# Bici gama baja doble suspension / comprarle suspensiones con bloqueo



## chalexco (Nov 4, 2014)

Hola, tengo una bici de gama baja de doble suspensión

Es una Schwinn S-25, ambas supensiones son de 'resorte'.

Me pregunto si ven como buena opcion cambiarle ambas suspensiones, por unas buenas suspensiones con bloqueo, ya sean SUNTOUR o incluso ROCKSHOX ??

Creao que el principal problema con este tipo de bicis es el 'muelleo' excesivo que se presenta en las subidas, y con esto se puede resolver en vez de gastar +25000 en una buena bici de doble suspension.

como ven ??

en este foro un '******' hizo lo propio con su schwinn (#11):
http://forums.mtbr.com/shocks-suspension/lets-see-pics-bikes-suntour-forks-679154.html

Agradezco sus comentarios
saludos


----------



## the last biker (Oct 12, 2005)

Estimado , mi comentario es que no tiene caso gastar o invertir en horquilla y amortiguador nuevos para tu bici,mejor guardar el dinero que se utilizaría en ambos componentes Rock Shox y seguir ahorrando para comprar y mas adelante la bici completa .
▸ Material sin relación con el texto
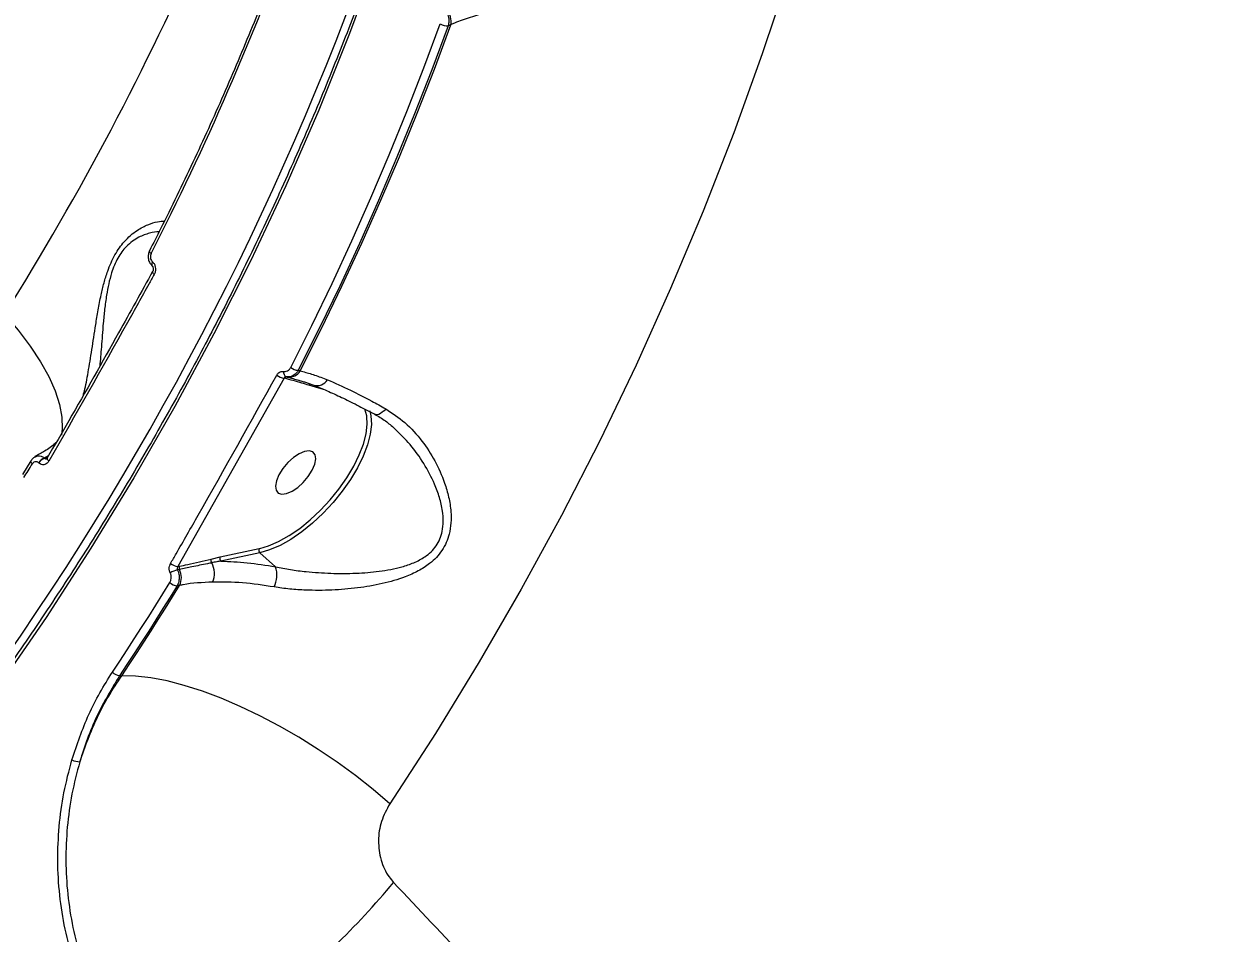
# Model space of a CAD drawing. Header units: millimetres. Extents: x -8607 to 7621, y -5747 to 4382.
# Drawn here: x 5321.1 to 5520, y -507.7 to -355.8 of the extents above; entities that cross this region are included whole.
import ezdxf

# ---------------------------------------------------------------- set-up
doc = ezdxf.new("R2010")
doc.units = ezdxf.units.MM
doc.layers.add('DIKOM_ОБЪЕКТ', color=7, linetype='Continuous')
doc.layers.add('DIKOM_РАЗМЕР_ОБЪЕКТА', color=7, linetype='Continuous')
doc.styles.add('style1', font='arial.ttf', dxfattribs={"width": 0.8})
doc.dimstyles.new('1-50', dxfattribs={"dimtxt": 300, "dimasz": 200, "dimexe": 100, "dimexo": 0, "dimgap": 100, "dimtad": 1, "dimtxsty": 'style1', "dimcen": 200, "dimclrd": 7, "dimclre": 7, "dimclrt": 7, "dimadec": 1, "dimazin": 2, "dimtfac": 1, "dimtmove": 0, "dimatfit": 2, "dimfxl": 0, "dimlwd": 25, "dimlwe": 18, "dimarcsym": 0})

# ---------------------------------------------------------------- blocks, each defined once
blk = doc.blocks.new('*D11')
at = {"layer": 'Defpoints', "color": 0, "transparency": 16777216}
for p in [(7619.37, -165.15), (-6826.53, -739.39), (7619.37, -5647.14)]:
    blk.add_point(p, dxfattribs=at)
at = {"layer": 'DIKOM_РАЗМЕР_ОБЪЕКТА', "color": 7, "lineweight": 18, "transparency": 16777216}
for p, q in [((7619.37, -165.15), (7619.37, -5747.14)), ((-6826.53, -739.39), (-6826.53, -5747.14))]:
    blk.add_line(p, q, dxfattribs=at)
at = {"layer": 'DIKOM_РАЗМЕР_ОБЪЕКТА', "color": 7, "lineweight": 25, "transparency": 16777216}
blk.add_line((-6626.53, -5647.14), (7419.37, -5647.14), dxfattribs=at)
at = {"layer": 'DIKOM_РАЗМЕР_ОБЪЕКТА', "color": 7, "transparency": 16777216}
for points in [[(-6626.53, -5613.8), (-6626.53, -5680.47), (-6826.53, -5647.14)], [(7419.37, -5613.8), (7419.37, -5680.47), (7619.37, -5647.14)]]:
    blk.add_solid(points, dxfattribs=at)
at = {"layer": 'DIKOM_РАЗМЕР_ОБЪЕКТА', "color": 7, "transparency": 16777216, "insert": (396.42, -5393.96), "char_height": 300, "attachment_point": 5, "style": 'style1'}
blk.add_mtext('14400', dxfattribs=at)
blk = doc.blocks.new('*D13')
at = {"layer": 'Defpoints', "color": 0, "transparency": 16777216}
for p in [(-5326.53, -191.39), (6073.47, -191.39), (6073.47, -4959.53)]:
    blk.add_point(p, dxfattribs=at)
at = {"layer": 'DIKOM_РАЗМЕР_ОБЪЕКТА', "color": 7, "lineweight": 18, "transparency": 16777216}
for p, q in [((-5326.53, -191.39), (-5326.53, -5059.53)), ((6073.47, -191.39), (6073.47, -5059.53))]:
    blk.add_line(p, q, dxfattribs=at)
at = {"layer": 'DIKOM_РАЗМЕР_ОБЪЕКТА', "color": 7, "lineweight": 25, "transparency": 16777216}
blk.add_line((-5126.53, -4959.53), (5873.47, -4959.53), dxfattribs=at)
at = {"layer": 'DIKOM_РАЗМЕР_ОБЪЕКТА', "color": 7, "transparency": 16777216}
for points in [[(-5126.53, -4926.2), (-5126.53, -4992.86), (-5326.53, -4959.53)], [(5873.47, -4926.2), (5873.47, -4992.86), (6073.47, -4959.53)]]:
    blk.add_solid(points, dxfattribs=at)
at = {"layer": 'DIKOM_РАЗМЕР_ОБЪЕКТА', "color": 7, "transparency": 16777216, "insert": (373.47, -4706.36), "char_height": 300, "attachment_point": 5, "style": 'style1'}
blk.add_mtext('11400', dxfattribs=at)

msp = doc.modelspace()

# ---------------------------------------------------------------- linework, layer by layer
at = {"layer": 'DIKOM_ОБЪЕКТ', "color": 7, "linetype": 'Continuous', "lineweight": 15}
for p, q in [((5392.456, -355.935), (5391.996, -356.137)), ((5342.587, -395.522), (5342.605, -395.538)), ((5342.541, -396.225), (5342.565, -396.247)), ((5342.64, -397.14), (5342.647, -397.126)), ((5364.616, -414.97), (5346.852, -446.453)), ((5364.678, -414.986), (5364.616, -414.97)), ((5366.962, -413.663), (5367.296, -413.75)), ((5369.815, -416.482), (5368.726, -416.159)), ((5371.191, -416.838), (5369.815, -416.482)), ((5322.294, -428.771), (5320.867, -431.054)), ((5323.624, -429.142), (5323.607, -429.126)), ((5325.23, -427.929), (5324.569, -428.335)), ((5324.569, -428.335), (5324.586, -428.351)), ((5324.586, -428.351), (5325.058, -428.227)), ((5325.031, -428.316), (5325.038, -428.302)), ((5353.898, -444.834), (5360.398, -443.451)), ((5360.398, -443.451), (5360.539, -443.42)), ((5352.392, -445.185), (5353.898, -444.834)), ((5360.538, -444.144), (5354.038, -445.527)), ((5363.162, -446.482), (5360.538, -444.144)), ((5347.102, -446.924), (5346.769, -446.994)), ((5346.852, -446.453), (5347.088, -446.402)), ((5347.135, -449.592), (5346.705, -449.681)), ((5337.096, -464.665), (5337.461, -464.681))]:
    msp.add_line(p, q, dxfattribs=at)
at = {"layer": 'DIKOM_ОБЪЕКТ', "color": 7, "linetype": 'Continuous', "lineweight": 15, "flags": 128}
for points in [[(5405.68, -236.972), (5403.795, -250.734), (5401.539, -264.423), (5398.914, -278.029), (5395.922, -291.542), (5392.564, -304.955), (5388.844, -318.258), (5384.763, -331.443), (5380.324, -344.501), (5375.529, -357.424), (5370.383, -370.202), (5364.889, -382.828), (5359.049, -395.294), (5352.868, -407.59), (5346.351, -419.71), (5339.5, -431.645), (5332.321, -443.387), (5324.819, -454.929), (5316.997, -466.263), (5308.863, -477.382), (5300.42, -488.278), (5291.674, -498.944)], [(5460.253, -306.824), (5456.815, -320.481), (5453.038, -334.035), (5448.925, -347.48), (5444.477, -360.808), (5439.698, -374.011), (5434.59, -387.082), (5429.155, -400.015), (5423.397, -412.802), (5417.319, -425.435), (5410.924, -437.909), (5404.216, -450.216), (5397.197, -462.35), (5389.874, -474.303), (5382.248, -486.07)], [(5365.709, -413.181), (5369.212, -406.184), (5372.607, -399.133), (5375.895, -392.031), (5379.073, -384.877), (5382.143, -377.674), (5385.102, -370.423), (5387.95, -363.126), (5390.687, -355.783)], [(5367.296, -413.75), (5370.826, -406.703), (5374.247, -399.602), (5377.559, -392.448), (5380.761, -385.242), (5383.853, -377.987), (5386.833, -370.683), (5389.701, -363.332), (5392.456, -355.935)], [(5391.996, -356.137), (5389.253, -363.496), (5386.398, -370.81), (5383.432, -378.077), (5380.356, -385.296), (5377.17, -392.466), (5373.876, -399.584), (5370.473, -406.651), (5366.962, -413.663)], [(5342.371, -394.175), (5342.27, -394.079), (5342.191, -393.986), (5342.134, -393.896), (5342.102, -393.814), (5342.095, -393.741), (5342.111, -393.685)], [(5342.587, -395.522), (5342.521, -395.661), (5342.475, -395.795), (5342.452, -395.919), (5342.452, -396.031), (5342.474, -396.126), (5342.519, -396.202), (5342.541, -396.225)], [(5342.605, -395.538), (5342.538, -395.677), (5342.493, -395.81), (5342.47, -395.935), (5342.469, -396.047), (5342.492, -396.142), (5342.536, -396.218), (5342.561, -396.244)], [(5342.896, -397.647), (5342.785, -397.534), (5342.701, -397.423), (5342.648, -397.319), (5342.626, -397.226), (5342.637, -397.147), (5342.64, -397.14)], [(5317.905, -404.269), (5320.18, -406.974), (5322.175, -409.63), (5323.872, -412.217), (5325.26, -414.713), (5326.327, -417.1), (5327.064, -419.359), (5327.467, -421.473), (5327.531, -423.424), (5327.407, -424.511)], [(5364.912, -414.74), (5365.008, -414.765), (5365.108, -414.792)], [(5378.898, -420.415), (5379.104, -421.277), (5379.181, -422.722), (5378.987, -424.348), (5378.528, -426.121), (5377.812, -428.001), (5376.856, -429.948), (5375.681, -431.918), (5374.312, -433.868), (5372.779, -435.756), (5371.115, -437.541), (5369.359, -439.183), (5367.546, -440.646), (5365.719, -441.899), (5363.915, -442.913), (5362.176, -443.667), (5360.538, -444.144)], [(5360.539, -443.42), (5361.986, -442.989), (5363.672, -442.257), (5365.421, -441.274), (5367.193, -440.059), (5368.951, -438.64), (5370.654, -437.048), (5372.267, -435.318), (5373.753, -433.487), (5375.081, -431.595), (5376.221, -429.685), (5377.148, -427.798), (5377.842, -425.974), (5378.288, -424.255), (5378.475, -422.678), (5378.416, -421.382)], [(5378.416, -421.382), (5378.401, -421.277), (5378.086, -420.131)], [(5381.568, -420.086), (5381.283, -420.409), (5380.986, -420.678), (5380.686, -420.883), (5380.393, -421.016), (5380.118, -421.075), (5379.87, -421.056), (5379.728, -421.003)], [(5363.732, -431.092), (5363.304, -432.095), (5363.135, -432.987), (5363.239, -433.697), (5363.608, -434.166), (5364.211, -434.357), (5364.999, -434.253), (5365.909, -433.865), (5366.868, -433.222), (5367.797, -432.377), (5368.621, -431.399), (5369.273, -430.366), (5369.701, -429.363), (5369.869, -428.471), (5369.765, -427.761), (5369.397, -427.292), (5368.794, -427.101), (5368.006, -427.205), (5367.095, -427.593), (5366.137, -428.236), (5365.208, -429.081), (5364.384, -430.059), (5363.732, -431.092)], [(5322.532, -429.3), (5322.436, -429.196), (5322.36, -429.095), (5322.306, -429), (5322.277, -428.913), (5322.272, -428.837), (5322.291, -428.775), (5322.293, -428.772)], [(5325.294, -428.811), (5325.183, -428.698), (5325.098, -428.589), (5325.043, -428.488), (5325.019, -428.398), (5325.028, -428.324), (5325.031, -428.316)], [(5335.91, -464.069), (5337.137, -462.218), (5338.356, -460.362), (5339.566, -458.501), (5340.769, -456.635), (5341.963, -454.763), (5343.15, -452.887), (5344.327, -451.005), (5345.497, -449.118)], [(5346.705, -449.681), (5345.533, -451.572), (5344.352, -453.458), (5343.163, -455.339), (5341.966, -457.214), (5340.761, -459.085), (5339.547, -460.95), (5338.326, -462.81), (5337.096, -464.665)], [(5337.461, -464.681), (5338.699, -462.813), (5339.929, -460.94), (5341.151, -459.062), (5342.364, -457.178), (5343.57, -455.289), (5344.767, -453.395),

Me parece que comprar horquilla y amortiguador no mejora en forma notoria el desempeño de la bici , mejor seguir disfrutándola en lo que se adquiere otra y para que no haga mucho bobbing hay que buscar la forma de endurecer el movimiento ajustando los resortes , bueno si es que se puede o hay forma de ajustar o cambiar los resortes por unos de mayor grado de dureza.

saludos
the last biker


----------



## Cobra8d (Aug 3, 2010)

chalexco said:


> Hola, tengo una bici de gama baja de doble suspensión
> 
> en este foro un '******' hizo lo propio con su schwinn (#11):
> http://forums.mtbr.com/shocks-suspension/lets-see-pics-bikes-suntour-forks-679154.html
> ...


Hora asta ****** sali, a lo maximo ero un pocho. De mande un mensage privado con recomendacións


----------



## chonini (Nov 20, 2015)

Mi humilde sugerencia...

Dale con esa bici sin moverle nada hasta que te sientas muy comodo andando y busques una mejoria real...

Me refiero a que si gastas en una horquilla, para una bici de tan baja gama... cual es el objetivo? el cuadro, tu grupo, tu potencia todo lo demas continua siendo de gama baja y por ende jamas podrias sacarle provecho al uso real de una horquilla de gama media como comentas... Tu idea, en mi opinion seria tirar el dinero...

Si buscas una mejoria significativa y sentirla realmente, compra un grupo de gama media alta en adelante, el cambio en peso y eficiencia seran notorios... pero de nuevo todo lo demas es de gama baja.

Ejemplo: Tuneas chido tu bike, con horquilla gama media y te vas a que quererle sacar jugo... Tu potencia puede romperse, tu manillar tambien, tus rines etc.


----------



## DiRt DeViL (Dec 24, 2003)

Utiliza el dinero para una bici de suspension nueva o usada.


----------



## chalexco (Nov 4, 2014)

Vi tu mensaje, muchas gracias

saludos.


----------